Bartender Jeremy Bustamante is excited about the new cocktail he's placing on Salt of the Earth's menu. It combines gin, fresh beet juice, fresh lemon juice, a couple drops of absinthe and rosemary simple syrup, made from herbs harvested in his own garden; when mixed, the cocktail is a breathtaking shade of fuchsia.
The drink represents the ethos of Salt's cocktail list: fresh components; house-made mix-ins; locally sourced ingredients; beautiful presentation; and, frequently, an unlikely ingredient that customers don't yet know they love in a cocktail.

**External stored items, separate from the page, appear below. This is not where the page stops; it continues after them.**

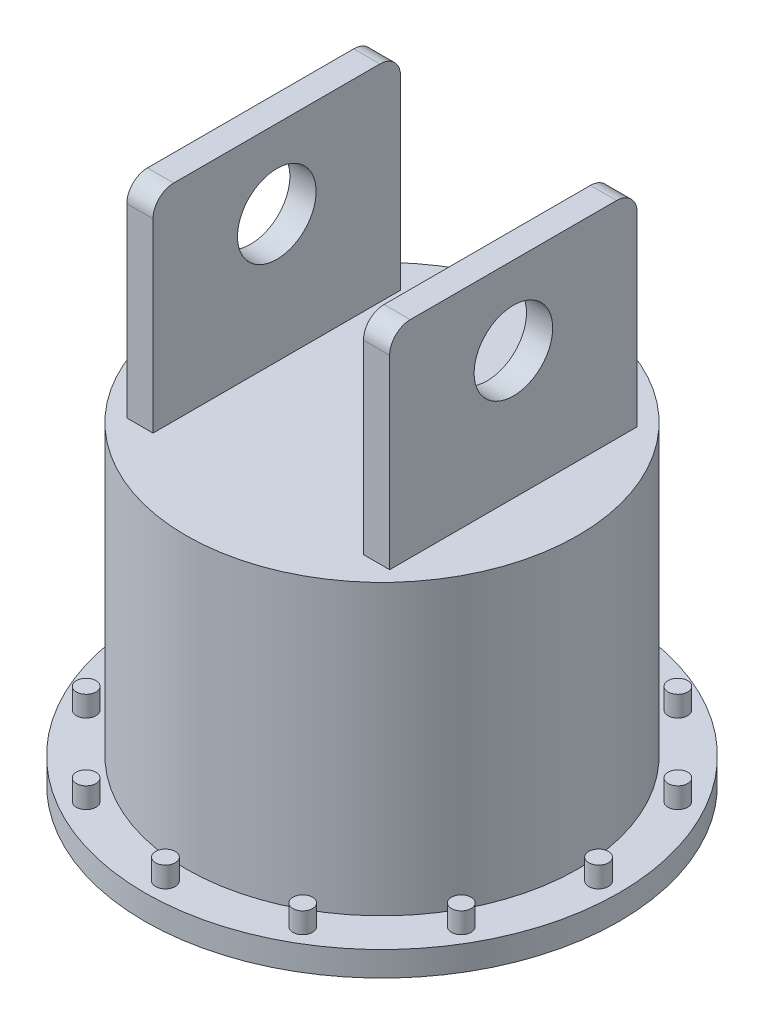
from build123d import *

# Parameters (mm, degrees)
CROQUIS1_R              = 115
SALIENTE_EXTRUIR1_DEPTH = 12
CROQUIS2_R              = 95
SALIENTE_EXTRUIR2_DEPTH = 140
CROQUIS3_R              = 4.7625
SALIENTE_EXTRUIR3_DEPTH = 10
MATRIZC1_COUNT          = 12
CROQUIS4_W              = 12.7
CROQUIS4_H              = 120
SALIENTE_EXTRUIR4_DEPTH = 100
CORTAR_EXTRUIR1_REACH   = 331.64
CROQUIS5_R              = 19.05
REDONDEO1_R             = 10


with BuildPart() as part:
    # Croquis1 → Saliente-Extruir1 (new body)
    with BuildSketch(Plane(origin=(0, 0, 0), x_dir=(1, 0, 0), z_dir=(0, 1, 0))):
        with Locations(Location((0, 0, 0), (0, 0, 270))):
            Circle(CROQUIS1_R)
    extrude(amount=SALIENTE_EXTRUIR1_DEPTH)

    # Croquis2 → Saliente-Extruir2 (add)
    with BuildSketch(Plane(origin=(0, 12, 0), x_dir=(1, 0, 0), z_dir=(0, 1, 0))):
        with Locations(Location((0, 0, 0), (0, 0, 270))):
            Circle(CROQUIS2_R)
    extrude(amount=SALIENTE_EXTRUIR2_DEPTH)

    # Croquis3 → Saliente-Extruir3 (add)
    with BuildSketch(Plane(origin=(0, 12, 0), x_dir=(1, 0, 0), z_dir=(0, 1, 0))):
        with Locations(Location((0, 105, 0), (0, 0, 270))):
            Circle(CROQUIS3_R)
    saliente_extruir3 = extrude(amount=SALIENTE_EXTRUIR3_DEPTH)

    # MatrizC1: Saliente-Extruir3 ×12 about axis
    matrizc1_axis = Axis((0, 0, 0), (0, 1, 0))
    for i in range(1, MATRIZC1_COUNT):
        add(saliente_extruir3.rotate(matrizc1_axis, i * 360 / MATRIZC1_COUNT))

    # Croquis4 → Saliente-Extruir4 (add)
    with BuildSketch(Plane(origin=(0, 152, 0), x_dir=(1, 0, 0), z_dir=(0, 1, 0))):
        with Locations((57.35, 0)):
            Rectangle(CROQUIS4_W, CROQUIS4_H)
        with Locations((-57.35, 0)):
            Rectangle(CROQUIS4_W, CROQUIS4_H)
    extrude(amount=SALIENTE_EXTRUIR4_DEPTH)

    # Cortar-Extruir1: up to this face of the body (flat: up to its plane)
    cortar_extruir1_end = Plane(part.part.faces().sort_by_distance((63.7, 202, 0))[0])
    # Croquis5 → Cortar-Extruir1 (cut, up to the picked face)
    with BuildSketch(Plane.ZY.offset(63.7), mode=Mode.PRIVATE) as cortar_extruir1_sk1:
        with Locations((0, 214)):
            Circle(CROQUIS5_R)
    cortar_extruir1_tool1 = split(extrude(cortar_extruir1_sk1.sketch, amount=-CORTAR_EXTRUIR1_REACH, mode=Mode.PRIVATE), bisect_by=cortar_extruir1_end, keep=Keep.BOTH, mode=Mode.PRIVATE)
    add(cortar_extruir1_tool1.solids().sort_by(Axis((-63.7, 214, 0), (1, 0, 0)))[0], mode=Mode.SUBTRACT)

    # Redondeo1
    redondeo1_edges = [part.edges().sort_by_distance(p)[0] for p in [
        (57.35, 252, 60),
        (57.35, 252, -60),
        (-57.35, 252, 60),
        (-57.35, 252, -60),
    ]]
    fillet(redondeo1_edges, radius=REDONDEO1_R)


solid = part.part

Bustamante has been behind the bar at Salt for a year, joining Maggie Meskey and Erika Joyner, who have been crafting cocktails there since Kevin Sousa opened the Garfield restaurant two years ago. (Longtime Salt bartender Summer Voelker recently moved over to Sousa's newest venture, the Harvard and Highland cocktail bar, in East Liberty.)
The three work collaboratively on new cocktails, bouncing ideas off the restaurant's chefs and staffers. "By the time it gets to the customer, it's perfect," explains Joyner.
Influences for new drinks are varied. Naturally, there's the season: This fall, for example, has inspired drinks made with squash and apple butter. Food matters too, and not just for pairing drinks to Salt's menu: Joyner says, "If I have a meal, I think, this could be a drink." Another time, a surplus of fresh chamomile resulted in an infused vodka.
The venue itself is a fundamental part of the creative process. "This is a really rare opportunity for a bartender to have this much influence over the cocktail list, and to have complete creative control," Joyner says.
The learning never stops. Joyner did a week's worth of research on the Kentucky Bourbon Trail this summer, and enters cocktail competitions: "You see the best bartenders from each city in America, executing the drink that won them a slot — and I've learned so much from watching that. There's only so much you can get from a book."
Technique matters as much as ingredients when crafting cocktails. Drinks are stirred or shaken, or strained twice. (It's all about exposure to the ice and proper dilution.)
Customer response to the hand-crafted drinks has been gratifying, even when odd ingredients are involved. Bustamante cites one winter vodka-based cocktail that featured "red onion shrubs," and "was very popular with people who got past [the oddness factor]." But he cautions that Salt's drinks aren't created simply for the novelty. "We're not just putting things together for the sake of doing it. We want to create something delicious."
When asked for her in-house favorites, Joyner cites a rye-mint "snow cone" and her own debut, "a winter cocktail called Krampus, after the evil Santa Claus, with blood orange, vodka, lemon, molasses, habañero and cocoa powder on top."
Molasses ... and habañero?!
"We're more than happy to walk through every single component of any listed cocktail," Joyner reassures. "There's nothing to be scared of."